===== GIVEN RECORDS
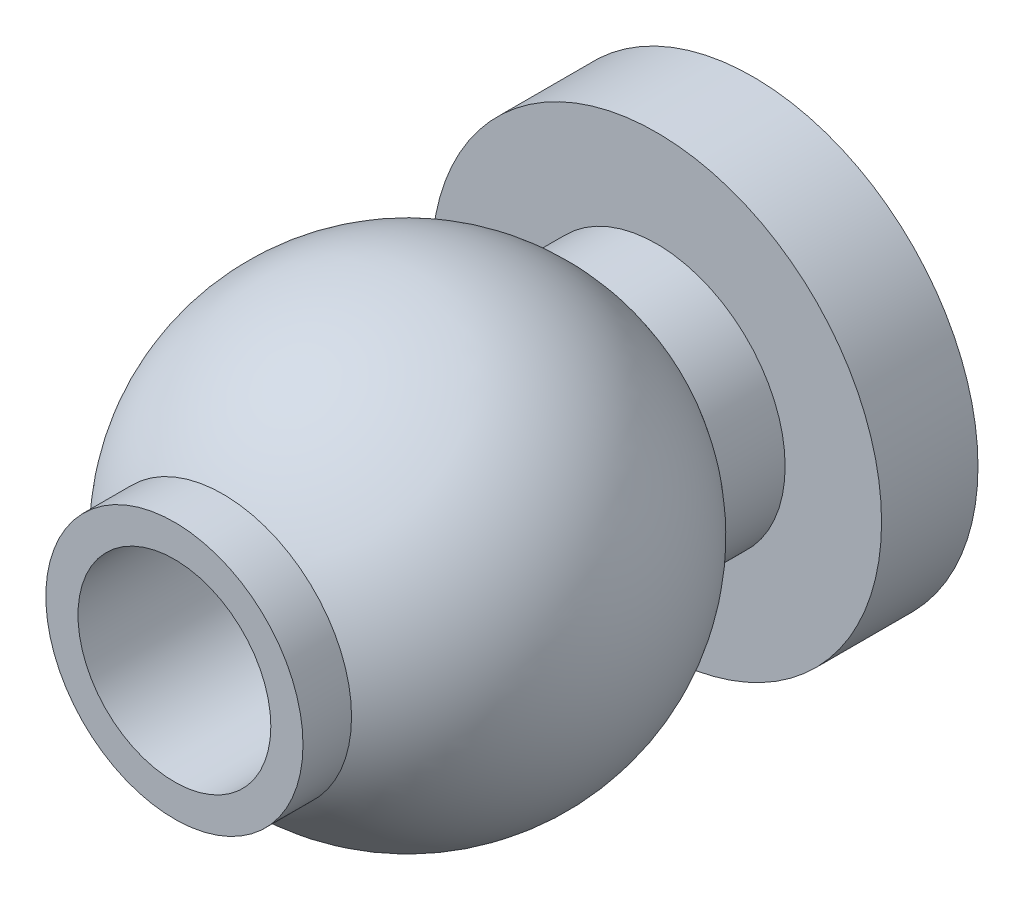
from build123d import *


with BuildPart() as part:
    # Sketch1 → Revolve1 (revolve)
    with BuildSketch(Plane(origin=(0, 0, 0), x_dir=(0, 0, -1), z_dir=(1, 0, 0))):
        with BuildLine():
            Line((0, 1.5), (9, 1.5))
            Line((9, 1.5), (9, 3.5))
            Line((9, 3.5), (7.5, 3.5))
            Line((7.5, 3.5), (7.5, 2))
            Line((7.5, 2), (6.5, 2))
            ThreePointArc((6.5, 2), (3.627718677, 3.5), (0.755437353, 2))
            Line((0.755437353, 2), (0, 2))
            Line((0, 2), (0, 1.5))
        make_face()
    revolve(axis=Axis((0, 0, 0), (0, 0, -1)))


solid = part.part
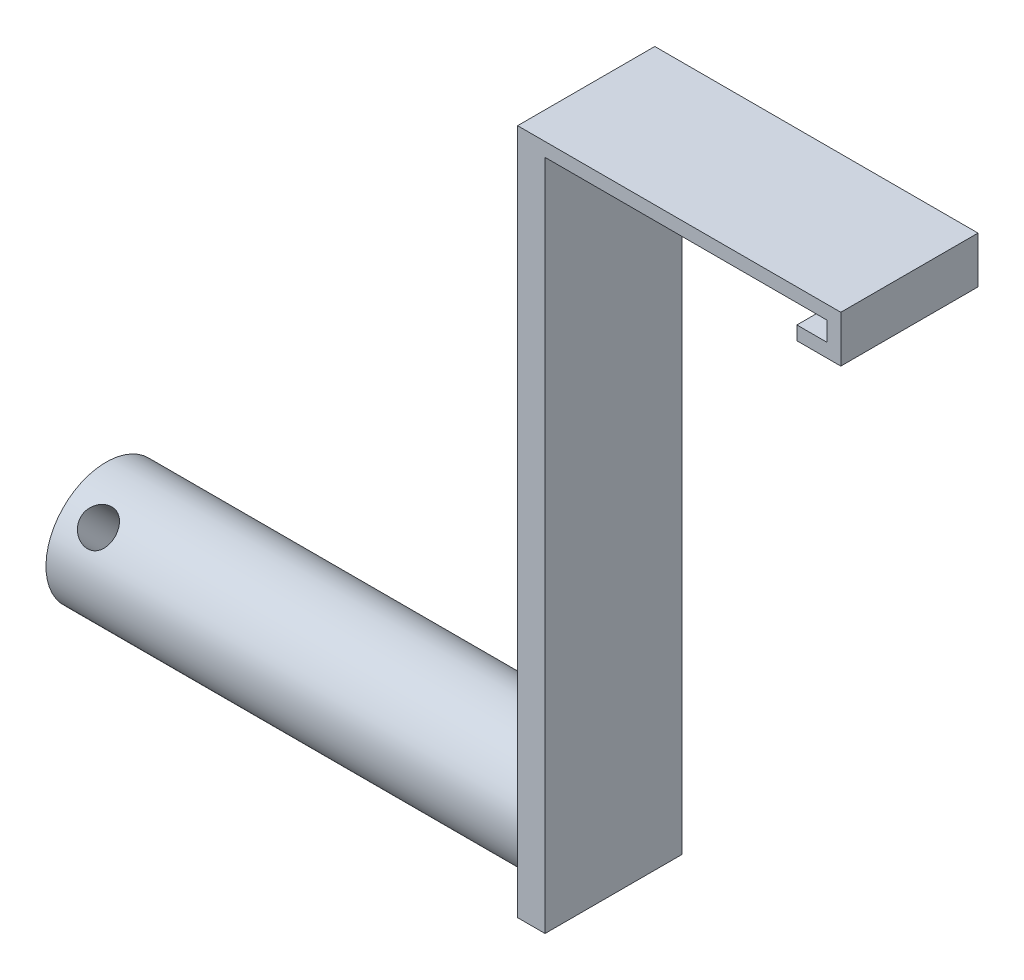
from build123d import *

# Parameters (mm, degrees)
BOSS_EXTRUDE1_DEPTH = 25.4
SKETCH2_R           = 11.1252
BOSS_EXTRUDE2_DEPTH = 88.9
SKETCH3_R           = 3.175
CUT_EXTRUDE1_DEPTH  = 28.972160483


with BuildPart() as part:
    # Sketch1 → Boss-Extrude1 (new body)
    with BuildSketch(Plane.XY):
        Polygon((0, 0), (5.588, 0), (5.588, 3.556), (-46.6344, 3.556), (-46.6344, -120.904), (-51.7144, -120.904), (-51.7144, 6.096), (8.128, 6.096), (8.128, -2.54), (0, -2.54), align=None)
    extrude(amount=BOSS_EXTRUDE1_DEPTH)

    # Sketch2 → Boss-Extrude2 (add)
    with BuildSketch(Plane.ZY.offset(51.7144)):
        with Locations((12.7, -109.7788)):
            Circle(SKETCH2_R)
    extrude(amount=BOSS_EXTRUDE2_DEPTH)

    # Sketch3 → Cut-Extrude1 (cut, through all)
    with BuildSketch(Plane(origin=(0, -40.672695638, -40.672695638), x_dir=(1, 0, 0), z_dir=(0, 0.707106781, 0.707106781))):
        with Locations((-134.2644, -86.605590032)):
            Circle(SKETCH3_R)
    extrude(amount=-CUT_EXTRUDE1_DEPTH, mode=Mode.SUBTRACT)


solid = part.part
==========
Your answer must be the exact lines from the start of the data through the line with "Line((9, 3.5), (7.5, 3.5))", inclusive, and nothing else; pictures do not belong in it.

(SOLUTION FOR THIS PROBLEM)
from build123d import *


with BuildPart() as part:
    # Sketch1 → Revolve1 (revolve)
    with BuildSketch(Plane(origin=(0, 0, 0), x_dir=(0, 0, -1), z_dir=(1, 0, 0))):
        with BuildLine():
            Line((0, 1.5), (9, 1.5))
            Line((9, 1.5), (9, 3.5))
            Line((9, 3.5), (7.5, 3.5))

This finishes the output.